For many years, the investment industry has relied on algorithms and quantitative trading programs as a means to increase their profits. However, with the recent advancements in AI, new opportunities have emerged that can potentially revolutionize this industry.
Recent advances in artificial intelligence (AI) have already caused significant disruptions in financial markets with programs like ChatGPT and Alphabet’s BardAI. A new study suggests that one day these AI programs may be able to independently trade in these markets.
Although the investment industry has been utilizing algorithms and quantitative trading programs to increase profits for some time, the recent breakthroughs in AI present new opportunities. While it may take many years for a future where AI manages money on its own to become a reality, a preliminary paper by two scholars in South Korea shows that ChatGPT is already a better portfolio manager than random selection.
According to the research titled “Can ChatGPT Enhance Investment Decision-making? A Portfolio Management Approach”, ChatGPT demonstrated superior performance in selecting assets from a given set when compared to random selection, as measured by risk-adjusted return and diversification metrics.
The authors of the “paper” state that the democratization of portfolio management can provide advantages for retail investors, especially for those who may lack education or information. They also suggest that professional portfolio managers can enhance their efficiency by utilizing ChatGPT to help them select a variety of assets for a portfolio, enabling them to concentrate on more critical tasks.
A recent experiment, which has not undergone peer review, involved creating a universe of assets consisting of 20 large-cap stocks from various sectors in the US market, as well as five assets from each of the categories of cryptocurrencies, commodities, currencies, and bonds. The experimenters then conducted 10,000 simulations in which they asked ChatGPT to select a combination of assets from the available options to form a portfolio.

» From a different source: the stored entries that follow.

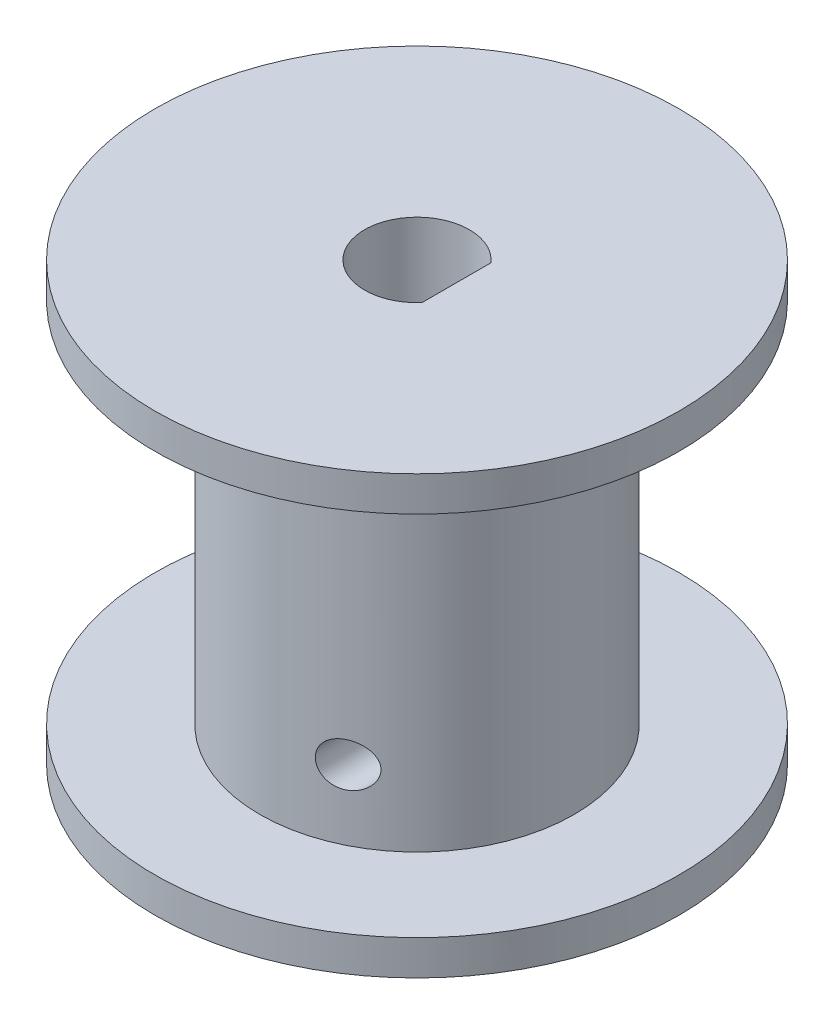
ISO-10303-21;
HEADER;
FILE_DESCRIPTION(('STEP AP214'),'2;1');
FILE_NAME('part.step','',(''),(''),'','','');
FILE_SCHEMA(('AUTOMOTIVE_DESIGN { 1 0 10303 214 1 1 1 1 }'));
ENDSEC;
DATA;
#1=APPLICATION_CONTEXT('core data for automotive mechanical design processes');
#2=APPLICATION_PROTOCOL_DEFINITION('international standard','automotive_design',2000,#1);
#3=PRODUCT_CONTEXT('',#1,'mechanical');
#4=PRODUCT('Part','Part','',(#3));
#5=PRODUCT_RELATED_PRODUCT_CATEGORY('part','',(#4));
#6=PRODUCT_DEFINITION_FORMATION('','',#4);
#7=PRODUCT_DEFINITION_CONTEXT('part definition',#1,'design');
#8=PRODUCT_DEFINITION('design','',#6,#7);
#9=PRODUCT_DEFINITION_SHAPE('','',#8);
#10=(LENGTH_UNIT() NAMED_UNIT(*) SI_UNIT(.MILLI.,.METRE.));
#11=(NAMED_UNIT(*) PLANE_ANGLE_UNIT() SI_UNIT($,.RADIAN.));
#12=(NAMED_UNIT(*) SI_UNIT($,.STERADIAN.) SOLID_ANGLE_UNIT());
#13=UNCERTAINTY_MEASURE_WITH_UNIT(LENGTH_MEASURE(1.E-05),#10,'distance_accuracy_value','');
#14=(GEOMETRIC_REPRESENTATION_CONTEXT(3) GLOBAL_UNCERTAINTY_ASSIGNED_CONTEXT((#13)) GLOBAL_UNIT_ASSIGNED_CONTEXT((#10,
#11,#12)) REPRESENTATION_CONTEXT('',''));
#15=CARTESIAN_POINT('',(0.,0.,0.));
#16=DIRECTION('',(0.,0.,1.));
#17=DIRECTION('',(1.,0.,0.));
#18=AXIS2_PLACEMENT_3D('',#15,#16,#17);
#19=CARTESIAN_POINT('',(0.,25.,0.));
#20=DIRECTION('',(0.,-1.,0.));
#21=DIRECTION('',(0.,0.,-1.));
#22=AXIS2_PLACEMENT_3D('',#19,#20,#21);
#23=CYLINDRICAL_SURFACE('',#22,15.);
#24=CARTESIAN_POINT('',(0.,23.,0.));
#25=DIRECTION('',(0.,-1.,0.));
#26=DIRECTION('',(0.,0.,-1.));
#27=AXIS2_PLACEMENT_3D('',#24,#25,#26);
#28=CIRCLE('',#27,15.);
#29=CARTESIAN_POINT('',(0.,23.,-15.));
#30=VERTEX_POINT('',#29);
#31=EDGE_CURVE('E90',#30,#30,#28,.T.);
#32=ORIENTED_EDGE('',*,*,#31,.F.);
#33=EDGE_LOOP('',(#32));
#34=FACE_BOUND('',#33,.T.);
#35=CARTESIAN_POINT('',(0.,25.,0.));
#36=DIRECTION('',(0.,1.,0.));
#37=DIRECTION('',(0.,0.,1.));
#38=AXIS2_PLACEMENT_3D('',#35,#36,#37);
#39=CIRCLE('',#38,15.);
#40=CARTESIAN_POINT('',(0.,25.,15.));
#41=VERTEX_POINT('',#40);
#42=EDGE_CURVE('E11',#41,#41,#39,.T.);
#43=ORIENTED_EDGE('',*,*,#42,.F.);
#44=EDGE_LOOP('',(#43));
#45=FACE_BOUND('',#44,.T.);
#46=ADVANCED_FACE('F33',(#34,#45),#23,.T.);
#47=CARTESIAN_POINT('',(0.,2.,0.));
#48=DIRECTION('',(0.,-1.,0.));
#49=DIRECTION('',(0.,0.,-1.));
#50=AXIS2_PLACEMENT_3D('',#47,#48,#49);
#51=CIRCLE('',#50,15.);
#52=CARTESIAN_POINT('',(0.,2.,-15.));
#53=VERTEX_POINT('',#52);
#54=EDGE_CURVE('E185',#53,#53,#51,.T.);
#55=ORIENTED_EDGE('',*,*,#54,.T.);
#56=EDGE_LOOP('',(#55));
#57=FACE_BOUND('',#56,.T.);
#58=CARTESIAN_POINT('',(0.,0.,0.));
#59=DIRECTION('',(0.,1.,0.));
#60=DIRECTION('',(0.,0.,1.));
#61=AXIS2_PLACEMENT_3D('',#58,#59,#60);
#62=CIRCLE('',#61,15.);
#63=CARTESIAN_POINT('',(0.,0.,15.));
#64=VERTEX_POINT('',#63);
#65=EDGE_CURVE('E46',#64,#64,#62,.T.);
#66=ORIENTED_EDGE('',*,*,#65,.T.);
#67=EDGE_LOOP('',(#66));
#68=FACE_BOUND('',#67,.T.);
#69=ADVANCED_FACE('F35',(#57,#68),#23,.T.);
#70=CARTESIAN_POINT('',(0.,0.,0.));
#71=DIRECTION('',(0.,1.,0.));
#72=DIRECTION('',(0.,0.,1.));
#73=AXIS2_PLACEMENT_3D('',#70,#71,#72);
#74=CYLINDRICAL_SURFACE('',#73,3.);
#75=DIRECTION('',(0.,-1.,0.));
#76=VECTOR('',#75,1.);
#77=CARTESIAN_POINT('',(2.26,25.,-1.97291662266807));
#78=LINE('',#77,#76);
#79=CARTESIAN_POINT('',(2.26,25.,-1.97291662266807));
#80=VERTEX_POINT('',#79);
#81=CARTESIAN_POINT('',(2.26,0.,-1.97291662266807));
#82=VERTEX_POINT('',#81);
#83=EDGE_CURVE('E54',#80,#82,#78,.T.);
#84=ORIENTED_EDGE('',*,*,#83,.F.);
#85=CARTESIAN_POINT('',(0.,25.,0.));
#86=DIRECTION('',(0.,1.,0.));
#87=DIRECTION('',(0.,0.,1.));
#88=AXIS2_PLACEMENT_3D('',#85,#86,#87);
#89=CIRCLE('',#88,3.);
#90=CARTESIAN_POINT('',(2.26,25.,1.97291662266807));
#91=VERTEX_POINT('',#90);
#92=EDGE_CURVE('E77',#80,#91,#89,.T.);
#93=ORIENTED_EDGE('',*,*,#92,.T.);
#94=DIRECTION('',(0.,-1.,0.));
#95=VECTOR('',#94,1.);
#96=CARTESIAN_POINT('',(2.26,25.,1.97291662266807));
#97=LINE('',#96,#95);
#98=CARTESIAN_POINT('',(2.26,0.,1.97291662266807));
#99=VERTEX_POINT('',#98);
#100=EDGE_CURVE('E68',#91,#99,#97,.T.);
#101=ORIENTED_EDGE('',*,*,#100,.T.);
#102=CARTESIAN_POINT('',(0.,0.,0.));
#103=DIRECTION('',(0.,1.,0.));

According to a backtest, ChatGPT’s portfolio selections generated a more diverse portfolio with less correlated assets compared to random selection. Furthermore, during the period of Jan. 1, 2022 to Jan. 31, 2023, ChatGPT’s portfolios delivered higher returns on a risk-adjusted basis than the random selection portfolios. For instance, in a four-asset portfolio, the ChatGPT portfolio had an average anticipated return of -13.3%, outperforming the random selection’s return of -23.3%.
The ChatGPT portfolio also had a superior Sharpe ratio, which is a measure of risk-adjusted returns.